◆ **TASK DIRECTIONS**:
Would you please return the lines of the entries below starting at the line that has "t22 = t2.*9.351986454258171e+17;" and ending at the line that has "t92 = t11.*7.09032593341523e+116;", both included, exactly as they are?

◆ **RECORDS SHOWN**:

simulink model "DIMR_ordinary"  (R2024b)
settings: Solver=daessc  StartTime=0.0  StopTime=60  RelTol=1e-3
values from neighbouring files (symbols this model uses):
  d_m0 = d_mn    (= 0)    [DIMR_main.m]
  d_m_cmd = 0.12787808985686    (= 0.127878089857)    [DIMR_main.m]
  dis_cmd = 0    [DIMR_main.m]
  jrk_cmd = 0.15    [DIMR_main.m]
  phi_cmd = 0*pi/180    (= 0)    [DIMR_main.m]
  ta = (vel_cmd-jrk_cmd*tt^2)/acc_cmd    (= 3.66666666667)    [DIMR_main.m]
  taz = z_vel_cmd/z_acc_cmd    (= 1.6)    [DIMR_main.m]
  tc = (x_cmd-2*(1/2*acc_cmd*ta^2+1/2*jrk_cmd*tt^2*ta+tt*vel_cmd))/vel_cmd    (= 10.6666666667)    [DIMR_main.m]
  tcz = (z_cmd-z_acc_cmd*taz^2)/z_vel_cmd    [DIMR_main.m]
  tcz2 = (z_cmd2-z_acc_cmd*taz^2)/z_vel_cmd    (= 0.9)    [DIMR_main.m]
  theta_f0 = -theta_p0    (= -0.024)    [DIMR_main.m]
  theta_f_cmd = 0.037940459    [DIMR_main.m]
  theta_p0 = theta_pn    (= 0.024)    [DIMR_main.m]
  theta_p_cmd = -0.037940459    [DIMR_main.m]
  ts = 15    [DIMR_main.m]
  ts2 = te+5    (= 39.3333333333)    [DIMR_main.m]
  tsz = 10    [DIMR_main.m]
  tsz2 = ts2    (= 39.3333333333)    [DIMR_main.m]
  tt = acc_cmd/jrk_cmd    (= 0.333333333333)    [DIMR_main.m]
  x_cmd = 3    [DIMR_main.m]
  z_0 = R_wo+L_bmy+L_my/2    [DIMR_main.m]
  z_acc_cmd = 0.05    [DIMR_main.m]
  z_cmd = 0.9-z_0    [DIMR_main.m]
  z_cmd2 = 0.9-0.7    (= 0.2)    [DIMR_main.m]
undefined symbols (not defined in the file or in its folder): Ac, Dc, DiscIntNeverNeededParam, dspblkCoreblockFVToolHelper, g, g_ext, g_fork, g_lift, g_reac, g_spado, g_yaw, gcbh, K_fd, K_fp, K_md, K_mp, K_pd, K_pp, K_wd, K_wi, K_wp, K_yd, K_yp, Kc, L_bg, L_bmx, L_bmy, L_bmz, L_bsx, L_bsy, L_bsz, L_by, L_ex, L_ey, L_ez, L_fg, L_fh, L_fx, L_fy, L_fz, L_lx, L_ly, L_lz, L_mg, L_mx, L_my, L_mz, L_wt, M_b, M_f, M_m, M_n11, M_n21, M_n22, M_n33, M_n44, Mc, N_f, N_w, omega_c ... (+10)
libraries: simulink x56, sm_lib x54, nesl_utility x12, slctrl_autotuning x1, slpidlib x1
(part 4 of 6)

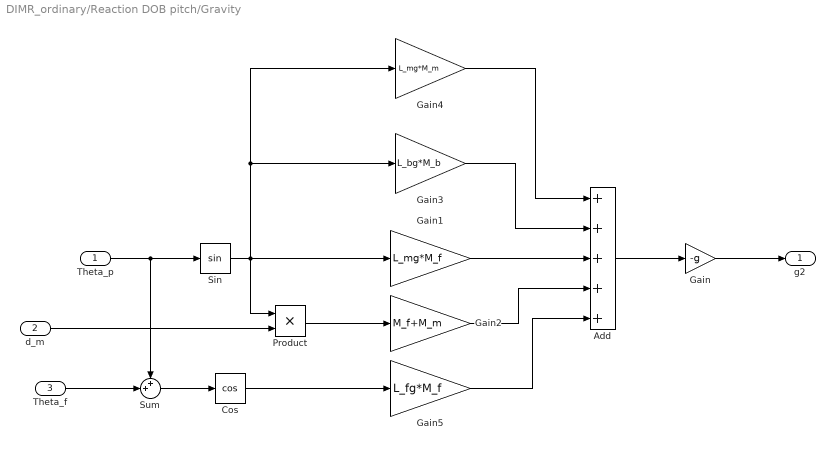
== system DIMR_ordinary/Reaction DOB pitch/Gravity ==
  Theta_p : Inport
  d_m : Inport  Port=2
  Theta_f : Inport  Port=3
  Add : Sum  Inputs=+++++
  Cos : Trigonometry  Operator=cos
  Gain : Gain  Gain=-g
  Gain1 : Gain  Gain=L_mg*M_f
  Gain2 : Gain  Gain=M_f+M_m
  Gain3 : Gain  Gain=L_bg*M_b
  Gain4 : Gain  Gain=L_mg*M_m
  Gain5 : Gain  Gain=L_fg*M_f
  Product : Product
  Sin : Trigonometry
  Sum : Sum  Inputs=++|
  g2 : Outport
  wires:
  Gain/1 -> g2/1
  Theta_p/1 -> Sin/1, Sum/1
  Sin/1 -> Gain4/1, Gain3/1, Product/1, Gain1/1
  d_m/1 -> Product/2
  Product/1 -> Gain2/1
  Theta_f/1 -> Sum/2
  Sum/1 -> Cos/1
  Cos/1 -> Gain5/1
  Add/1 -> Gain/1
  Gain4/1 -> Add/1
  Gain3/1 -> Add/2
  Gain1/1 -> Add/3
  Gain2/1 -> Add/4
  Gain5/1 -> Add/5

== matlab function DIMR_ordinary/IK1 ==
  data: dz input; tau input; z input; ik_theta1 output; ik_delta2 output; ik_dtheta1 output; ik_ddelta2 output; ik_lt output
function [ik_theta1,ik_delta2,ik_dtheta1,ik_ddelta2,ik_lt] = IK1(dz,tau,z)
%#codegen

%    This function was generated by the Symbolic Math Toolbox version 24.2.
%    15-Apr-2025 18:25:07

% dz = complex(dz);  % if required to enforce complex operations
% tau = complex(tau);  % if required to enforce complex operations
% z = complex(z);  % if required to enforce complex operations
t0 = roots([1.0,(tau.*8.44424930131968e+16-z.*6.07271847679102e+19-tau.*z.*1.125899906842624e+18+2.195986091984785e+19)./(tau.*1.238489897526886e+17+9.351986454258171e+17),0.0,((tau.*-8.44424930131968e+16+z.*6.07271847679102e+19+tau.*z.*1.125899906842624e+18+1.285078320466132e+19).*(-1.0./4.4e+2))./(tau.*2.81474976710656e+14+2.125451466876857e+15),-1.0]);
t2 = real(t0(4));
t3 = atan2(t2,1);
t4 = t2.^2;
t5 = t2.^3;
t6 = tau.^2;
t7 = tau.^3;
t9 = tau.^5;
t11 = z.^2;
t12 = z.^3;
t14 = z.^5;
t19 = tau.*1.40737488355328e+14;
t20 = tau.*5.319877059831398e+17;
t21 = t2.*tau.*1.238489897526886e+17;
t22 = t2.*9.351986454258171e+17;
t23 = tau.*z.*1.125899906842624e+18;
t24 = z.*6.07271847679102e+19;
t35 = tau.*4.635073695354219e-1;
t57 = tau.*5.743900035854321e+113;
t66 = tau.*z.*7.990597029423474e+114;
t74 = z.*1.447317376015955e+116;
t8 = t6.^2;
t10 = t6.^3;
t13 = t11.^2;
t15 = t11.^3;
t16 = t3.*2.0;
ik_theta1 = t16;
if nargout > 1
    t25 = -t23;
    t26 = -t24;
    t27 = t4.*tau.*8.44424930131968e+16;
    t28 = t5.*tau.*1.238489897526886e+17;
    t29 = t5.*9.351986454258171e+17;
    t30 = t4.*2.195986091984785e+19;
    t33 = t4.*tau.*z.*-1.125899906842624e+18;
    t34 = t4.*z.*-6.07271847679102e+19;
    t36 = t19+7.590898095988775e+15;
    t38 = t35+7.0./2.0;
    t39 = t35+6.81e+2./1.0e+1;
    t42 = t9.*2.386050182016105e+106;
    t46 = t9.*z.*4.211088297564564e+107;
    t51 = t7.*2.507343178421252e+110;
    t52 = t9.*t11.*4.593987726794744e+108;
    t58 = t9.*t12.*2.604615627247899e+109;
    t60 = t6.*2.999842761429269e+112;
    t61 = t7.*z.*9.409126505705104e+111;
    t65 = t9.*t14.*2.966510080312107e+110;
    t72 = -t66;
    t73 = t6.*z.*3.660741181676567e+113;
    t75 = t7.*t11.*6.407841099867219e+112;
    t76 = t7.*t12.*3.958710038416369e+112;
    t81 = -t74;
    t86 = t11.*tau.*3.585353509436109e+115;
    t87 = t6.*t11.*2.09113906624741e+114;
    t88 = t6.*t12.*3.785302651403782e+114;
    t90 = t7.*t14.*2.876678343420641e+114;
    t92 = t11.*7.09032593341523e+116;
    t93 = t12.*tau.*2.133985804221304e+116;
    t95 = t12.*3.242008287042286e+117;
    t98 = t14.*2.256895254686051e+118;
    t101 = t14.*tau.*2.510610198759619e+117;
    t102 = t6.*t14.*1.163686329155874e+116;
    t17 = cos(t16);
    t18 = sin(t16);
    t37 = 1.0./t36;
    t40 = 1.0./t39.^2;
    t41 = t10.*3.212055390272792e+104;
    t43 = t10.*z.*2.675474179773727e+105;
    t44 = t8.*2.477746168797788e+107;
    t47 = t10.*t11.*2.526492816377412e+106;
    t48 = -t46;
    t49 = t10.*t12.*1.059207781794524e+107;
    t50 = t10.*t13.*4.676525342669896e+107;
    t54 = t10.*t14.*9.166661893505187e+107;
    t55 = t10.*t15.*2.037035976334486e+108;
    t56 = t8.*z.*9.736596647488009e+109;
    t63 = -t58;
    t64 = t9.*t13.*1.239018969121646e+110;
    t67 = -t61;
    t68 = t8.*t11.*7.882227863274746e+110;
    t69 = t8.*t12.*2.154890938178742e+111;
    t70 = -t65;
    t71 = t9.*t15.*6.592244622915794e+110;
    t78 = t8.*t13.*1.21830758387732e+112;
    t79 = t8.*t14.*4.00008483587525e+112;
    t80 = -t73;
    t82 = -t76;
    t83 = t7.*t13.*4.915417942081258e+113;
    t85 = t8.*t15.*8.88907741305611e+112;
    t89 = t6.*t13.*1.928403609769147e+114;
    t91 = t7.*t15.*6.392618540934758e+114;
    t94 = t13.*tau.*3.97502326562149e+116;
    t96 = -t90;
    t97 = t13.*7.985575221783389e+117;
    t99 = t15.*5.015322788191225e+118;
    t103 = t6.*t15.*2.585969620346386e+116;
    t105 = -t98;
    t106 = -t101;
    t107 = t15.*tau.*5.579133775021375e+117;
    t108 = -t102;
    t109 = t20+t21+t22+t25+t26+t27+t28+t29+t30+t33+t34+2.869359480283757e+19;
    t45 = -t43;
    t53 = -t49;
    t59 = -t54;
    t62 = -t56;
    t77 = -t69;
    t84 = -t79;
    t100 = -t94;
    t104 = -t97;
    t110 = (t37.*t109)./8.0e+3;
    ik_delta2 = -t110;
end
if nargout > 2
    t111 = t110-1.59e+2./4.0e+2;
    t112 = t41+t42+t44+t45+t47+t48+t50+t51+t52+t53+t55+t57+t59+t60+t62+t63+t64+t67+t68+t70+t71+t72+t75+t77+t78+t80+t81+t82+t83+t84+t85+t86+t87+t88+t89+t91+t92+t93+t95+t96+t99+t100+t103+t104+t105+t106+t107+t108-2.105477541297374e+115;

◆ **EXERCISE RESPONSE**:
t22 = t2.*9.351986454258171e+17;
t23 = tau.*z.*1.125899906842624e+18;
t24 = z.*6.07271847679102e+19;
t35 = tau.*4.635073695354219e-1;
t57 = tau.*5.743900035854321e+113;
t66 = tau.*z.*7.990597029423474e+114;
t74 = z.*1.447317376015955e+116;
t8 = t6.^2;
t10 = t6.^3;
t13 = t11.^2;
t15 = t11.^3;
t16 = t3.*2.0;
ik_theta1 = t16;
if nargout > 1
    t25 = -t23;
    t26 = -t24;
    t27 = t4.*tau.*8.44424930131968e+16;
    t28 = t5.*tau.*1.238489897526886e+17;
    t29 = t5.*9.351986454258171e+17;
    t30 = t4.*2.195986091984785e+19;
    t33 = t4.*tau.*z.*-1.125899906842624e+18;
    t34 = t4.*z.*-6.07271847679102e+19;
    t36 = t19+7.590898095988775e+15;
    t38 = t35+7.0./2.0;
    t39 = t35+6.81e+2./1.0e+1;
    t42 = t9.*2.386050182016105e+106;
    t46 = t9.*z.*4.211088297564564e+107;
    t51 = t7.*2.507343178421252e+110;
    t52 = t9.*t11.*4.593987726794744e+108;
    t58 = t9.*t12.*2.604615627247899e+109;
    t60 = t6.*2.999842761429269e+112;
    t61 = t7.*z.*9.409126505705104e+111;
    t65 = t9.*t14.*2.966510080312107e+110;
    t72 = -t66;
    t73 = t6.*z.*3.660741181676567e+113;
    t75 = t7.*t11.*6.407841099867219e+112;
    t76 = t7.*t12.*3.958710038416369e+112;
    t81 = -t74;
    t86 = t11.*tau.*3.585353509436109e+115;
    t87 = t6.*t11.*2.09113906624741e+114;
    t88 = t6.*t12.*3.785302651403782e+114;
    t90 = t7.*t14.*2.876678343420641e+114;
    t92 = t11.*7.09032593341523e+116;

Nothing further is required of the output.